Den Client direkt mit der Datenbank komunizieren lassen würd ich nicht machen. 
Oder wie soll das laufen wenn zwei Clients auf die selben Daten schreibend zugreifen?


----------



## DamienX (6. Jun 2008)

Nein von direkten Datenbankzugriffen der Client Seite kann ich dir nur abraten.
Jeder normale Mensch der auf diesem Gebiet arbeitet würde dir das gleiche erzählen.

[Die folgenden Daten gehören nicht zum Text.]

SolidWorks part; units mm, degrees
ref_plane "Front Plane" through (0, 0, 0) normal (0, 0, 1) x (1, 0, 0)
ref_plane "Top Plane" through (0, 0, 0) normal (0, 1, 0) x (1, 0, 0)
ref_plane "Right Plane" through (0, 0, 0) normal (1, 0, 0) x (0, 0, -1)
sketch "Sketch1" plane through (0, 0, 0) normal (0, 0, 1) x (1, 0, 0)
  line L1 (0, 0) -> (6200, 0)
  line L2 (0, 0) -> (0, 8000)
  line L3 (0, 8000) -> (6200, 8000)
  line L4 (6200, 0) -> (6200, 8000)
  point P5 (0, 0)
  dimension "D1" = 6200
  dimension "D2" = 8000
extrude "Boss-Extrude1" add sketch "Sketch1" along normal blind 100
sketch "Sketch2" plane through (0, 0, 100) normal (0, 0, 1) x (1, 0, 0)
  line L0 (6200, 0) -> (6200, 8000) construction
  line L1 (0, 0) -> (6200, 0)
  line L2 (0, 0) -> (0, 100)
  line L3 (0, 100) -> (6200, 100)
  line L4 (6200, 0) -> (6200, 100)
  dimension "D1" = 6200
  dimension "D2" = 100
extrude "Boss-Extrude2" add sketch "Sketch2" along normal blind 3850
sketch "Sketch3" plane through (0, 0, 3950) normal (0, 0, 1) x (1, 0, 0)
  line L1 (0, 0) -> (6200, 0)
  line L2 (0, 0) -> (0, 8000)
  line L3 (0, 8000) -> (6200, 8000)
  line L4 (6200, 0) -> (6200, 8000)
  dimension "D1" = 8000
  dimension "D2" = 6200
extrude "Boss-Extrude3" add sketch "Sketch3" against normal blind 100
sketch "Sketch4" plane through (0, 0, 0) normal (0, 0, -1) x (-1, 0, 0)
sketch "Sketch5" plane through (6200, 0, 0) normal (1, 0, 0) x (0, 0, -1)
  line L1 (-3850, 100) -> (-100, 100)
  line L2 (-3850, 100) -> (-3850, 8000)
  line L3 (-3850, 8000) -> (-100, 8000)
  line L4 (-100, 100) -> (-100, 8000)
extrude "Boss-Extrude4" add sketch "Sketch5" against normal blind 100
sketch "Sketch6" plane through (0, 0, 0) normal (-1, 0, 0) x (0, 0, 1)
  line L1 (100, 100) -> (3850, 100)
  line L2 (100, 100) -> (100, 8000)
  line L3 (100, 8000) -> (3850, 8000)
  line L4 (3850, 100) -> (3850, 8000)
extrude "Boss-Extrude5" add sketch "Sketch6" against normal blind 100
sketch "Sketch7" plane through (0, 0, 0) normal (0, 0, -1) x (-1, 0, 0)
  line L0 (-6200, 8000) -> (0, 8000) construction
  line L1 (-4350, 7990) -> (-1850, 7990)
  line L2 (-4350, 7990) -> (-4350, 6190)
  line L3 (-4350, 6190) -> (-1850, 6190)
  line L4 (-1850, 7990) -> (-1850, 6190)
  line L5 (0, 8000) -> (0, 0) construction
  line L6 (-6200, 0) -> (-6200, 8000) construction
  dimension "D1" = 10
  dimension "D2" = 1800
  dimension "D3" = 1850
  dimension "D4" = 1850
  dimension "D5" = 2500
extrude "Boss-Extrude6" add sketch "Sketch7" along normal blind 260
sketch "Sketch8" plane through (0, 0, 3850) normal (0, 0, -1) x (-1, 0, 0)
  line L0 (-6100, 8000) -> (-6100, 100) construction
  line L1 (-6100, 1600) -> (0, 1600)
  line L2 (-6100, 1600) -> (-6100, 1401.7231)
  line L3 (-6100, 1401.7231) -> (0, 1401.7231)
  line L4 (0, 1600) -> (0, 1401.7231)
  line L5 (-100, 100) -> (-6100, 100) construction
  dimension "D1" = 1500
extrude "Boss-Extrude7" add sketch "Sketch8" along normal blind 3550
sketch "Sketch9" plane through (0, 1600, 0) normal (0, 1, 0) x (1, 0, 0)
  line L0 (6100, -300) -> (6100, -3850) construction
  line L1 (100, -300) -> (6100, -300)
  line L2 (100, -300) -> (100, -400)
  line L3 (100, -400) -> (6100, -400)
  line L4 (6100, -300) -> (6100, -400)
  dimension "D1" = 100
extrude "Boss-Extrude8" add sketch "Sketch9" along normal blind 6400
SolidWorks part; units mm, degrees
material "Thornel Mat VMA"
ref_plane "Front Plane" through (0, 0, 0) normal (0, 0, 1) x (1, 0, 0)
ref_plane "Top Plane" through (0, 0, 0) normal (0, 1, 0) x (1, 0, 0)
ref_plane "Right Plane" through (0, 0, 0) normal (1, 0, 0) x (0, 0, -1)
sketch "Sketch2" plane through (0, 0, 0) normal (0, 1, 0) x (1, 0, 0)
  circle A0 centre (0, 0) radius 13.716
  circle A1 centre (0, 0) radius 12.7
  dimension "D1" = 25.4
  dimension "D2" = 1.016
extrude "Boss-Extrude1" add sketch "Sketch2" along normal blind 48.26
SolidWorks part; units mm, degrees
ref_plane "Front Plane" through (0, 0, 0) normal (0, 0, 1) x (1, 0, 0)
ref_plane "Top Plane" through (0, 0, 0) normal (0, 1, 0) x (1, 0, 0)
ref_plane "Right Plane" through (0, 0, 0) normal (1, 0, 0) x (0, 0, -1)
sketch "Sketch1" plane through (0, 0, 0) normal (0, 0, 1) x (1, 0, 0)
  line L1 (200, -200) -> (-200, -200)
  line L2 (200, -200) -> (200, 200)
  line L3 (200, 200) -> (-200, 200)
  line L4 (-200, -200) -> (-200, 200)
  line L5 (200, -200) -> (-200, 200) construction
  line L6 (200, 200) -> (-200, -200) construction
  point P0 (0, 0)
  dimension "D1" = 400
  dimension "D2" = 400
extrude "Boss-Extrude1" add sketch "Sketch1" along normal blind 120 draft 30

Frag die Daten am Server ab und gib sie an den Client weiter. Das is zwar ein Aufwand
aber so läuft der Prozess gesteuert ab.

Dass verschiedene Benutzer auf die gleichen Daten zugreifen wollen passiert auf großen
Systemen ständig. Das ist solange unkritisch bis du Transaktionen offen lässt.

Kurze Erklärung:

Wenn du eine Transaktion öffnest (UPDATE, INSERT INTO etc.) sperrt dein DBMS die
Daten für andere Zugriffe. Diese Sperre löst sich sobald du die Änderungen commitest oder 
einen Rollback machst. 

Tipp: Egal wann und wieso du deine Daten auf der DB änderst...
Sollte EGAL WO ein Fehler aus welchen gründen auch immer auftauchen ist
das erste was du tust einen Rollback zu machen.

Solltest du zb eine MessageBox als hinweiß vor den Rollback stellen und 
der jenige welcher die MessageBox erhält nicht "wegdrückt" bleibt der Datensatz einfach gesperrt
und niemand kann auf die Daten und Referenzen des Datensatzes zugreifen.

Grüße


----------



## lohr (9. Jun 2008)

Ok vielen Dank für eure Antworten!
Sowas in der Richtung hab ich mir schon gedacht...wollte gerne noch eure Rat hören 

Was mich weiter zur Datenbank Architektur bringt.
Also ich habe folgendes Modell vor:

*Datenbanken*
User
_Enthält die Login-Informationen wie allgemeine Sachen(Geld, Erstellungsdatum, email, nick, pw...)_
xxxxx_Aktien
_Nun möchte ich für jeden neuen User eine eigene Tabelle anlegen mit dem Namen: Nick_Aktien._

Somit ist eine Datenbank alleine für die Account Daten verantwortlich die anderen für die Aktien des Users. Kann man das so machen?
Mein Problem war das ich nicht weiß wieviele Aktien ein einzelner User hat und somit kann ich keine Felder wie "Aktie1" "Aktie2"...in der User Tabelle mitaufnehmen.

Gruß lohr


----------